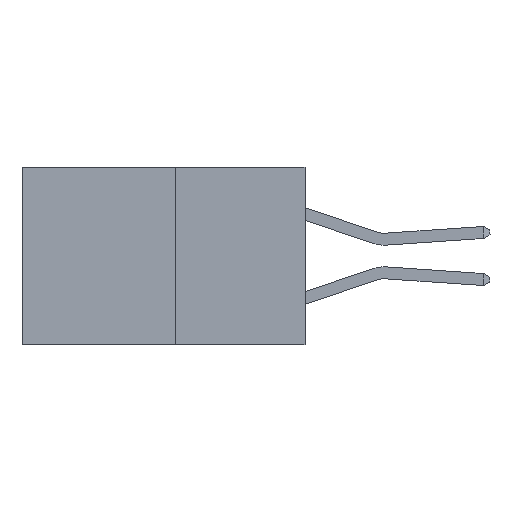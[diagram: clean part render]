
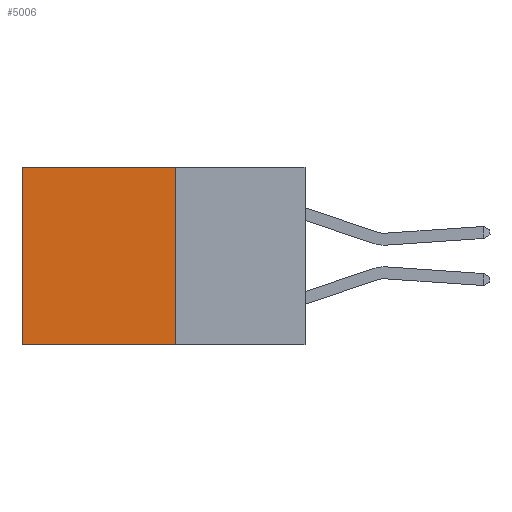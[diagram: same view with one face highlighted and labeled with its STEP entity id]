
A CAD part, left-side view. The second image highlights one B-rep face of the part: STEP entity #5006.
In plain terms, the highlighted planar face has unit normal (-1, 0, 0).
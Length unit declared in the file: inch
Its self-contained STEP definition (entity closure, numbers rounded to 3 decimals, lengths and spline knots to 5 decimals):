
#229 = LINE ( 'NONE', #8434, #9044 ) ;
#1887 = EDGE_CURVE ( 'NONE', #10150, #8745, #2363, .T. ) ;
#2363 = LINE ( 'NONE', #10773, #10900 ) ;
#2367 = DIRECTION ( 'NONE',  ( 0., 1., 0. ) ) ;
#2465 = EDGE_LOOP ( 'NONE', ( #9360, #3318, #8430, #2928 ) ) ;
#2836 = CARTESIAN_POINT ( 'NONE',  ( 0.277, 0.27, -0.37 ) ) ;
#2928 = ORIENTED_EDGE ( 'NONE', *, *, #1887, .T. ) ;
#2954 = CARTESIAN_POINT ( 'NONE',  ( 0.277, 0.59, -0.37 ) ) ;
#3005 = EDGE_CURVE ( 'NONE', #8745, #8667, #6382, .T. ) ;
#3318 = ORIENTED_EDGE ( 'NONE', *, *, #4308, .F. ) ;
#4223 = VERTEX_POINT ( 'NONE', #2836 ) ;
#4308 = EDGE_CURVE ( 'NONE', #4223, #8667, #8975, .T. ) ;
#5006 = ADVANCED_FACE ( 'NONE', ( #6345 ), #6178, .F. ) ;
#6178 = PLANE ( 'NONE',  #10203 ) ;
#6270 = DIRECTION ( 'NONE',  ( 0., 0., -1. ) ) ;
#6345 = FACE_OUTER_BOUND ( 'NONE', #2465, .T. ) ;
#6382 = LINE ( 'NONE', #2954, #10455 ) ;
#6616 = VECTOR ( 'NONE', #2367, 39.37008 ) ;
#7105 = DIRECTION ( 'NONE',  ( 1., 0., 0. ) ) ;
#7635 = EDGE_CURVE ( 'NONE', #10150, #4223, #229, .T. ) ;
#7715 = CARTESIAN_POINT ( 'NONE',  ( 0.277, 0.27, 0. ) ) ;
#8430 = ORIENTED_EDGE ( 'NONE', *, *, #7635, .F. ) ;
#8434 = CARTESIAN_POINT ( 'NONE',  ( 0.277, 0.27, -0.37 ) ) ;
#8536 = DIRECTION ( 'NONE',  ( 0., 0., -1. ) ) ;
#8612 = CARTESIAN_POINT ( 'NONE',  ( 0.277, 0.27, -0.37 ) ) ;
#8667 = VERTEX_POINT ( 'NONE', #9918 ) ;
#8745 = VERTEX_POINT ( 'NONE', #9177 ) ;
#8975 = LINE ( 'NONE', #10751, #6616 ) ;
#9044 = VECTOR ( 'NONE', #8536, 39.37008 ) ;
#9177 = CARTESIAN_POINT ( 'NONE',  ( 0.277, 0.59, 0. ) ) ;
#9360 = ORIENTED_EDGE ( 'NONE', *, *, #3005, .T. ) ;
#9918 = CARTESIAN_POINT ( 'NONE',  ( 0.277, 0.59, -0.37 ) ) ;
#10150 = VERTEX_POINT ( 'NONE', #7715 ) ;
#10203 = AXIS2_PLACEMENT_3D ( 'NONE', #8612, #7105, #10977 ) ;
#10455 = VECTOR ( 'NONE', #6270, 39.37008 ) ;
#10619 = DIRECTION ( 'NONE',  ( 0., 1., 0. ) ) ;
#10751 = CARTESIAN_POINT ( 'NONE',  ( 0.277, 0.27, -0.37 ) ) ;
#10773 = CARTESIAN_POINT ( 'NONE',  ( 0.277, 0.27, 0. ) ) ;
#10900 = VECTOR ( 'NONE', #10619, 39.37008 ) ;
#10977 = DIRECTION ( 'NONE',  ( 0., 0., -1. ) ) ;

■ Instructions for the task ■
For this exercise, repeat exactly the lines of the data above from the one with "#3318 = ORIENTED_EDGE" down to the one with "#7635 = EDGE_CURVE", both end lines included.

■ Response for this exercise ■
#3318 = ORIENTED_EDGE ( 'NONE', *, *, #4308, .F. ) ;
#4223 = VERTEX_POINT ( 'NONE', #2836 ) ;
#4308 = EDGE_CURVE ( 'NONE', #4223, #8667, #8975, .T. ) ;
#5006 = ADVANCED_FACE ( 'NONE', ( #6345 ), #6178, .F. ) ;
#6178 = PLANE ( 'NONE',  #10203 ) ;
#6270 = DIRECTION ( 'NONE',  ( 0., 0., -1. ) ) ;
#6345 = FACE_OUTER_BOUND ( 'NONE', #2465, .T. ) ;
#6382 = LINE ( 'NONE', #2954, #10455 ) ;
#6616 = VECTOR ( 'NONE', #2367, 39.37008 ) ;
#7105 = DIRECTION ( 'NONE',  ( 1., 0., 0. ) ) ;
#7635 = EDGE_CURVE ( 'NONE', #10150, #4223, #229, .T. ) ;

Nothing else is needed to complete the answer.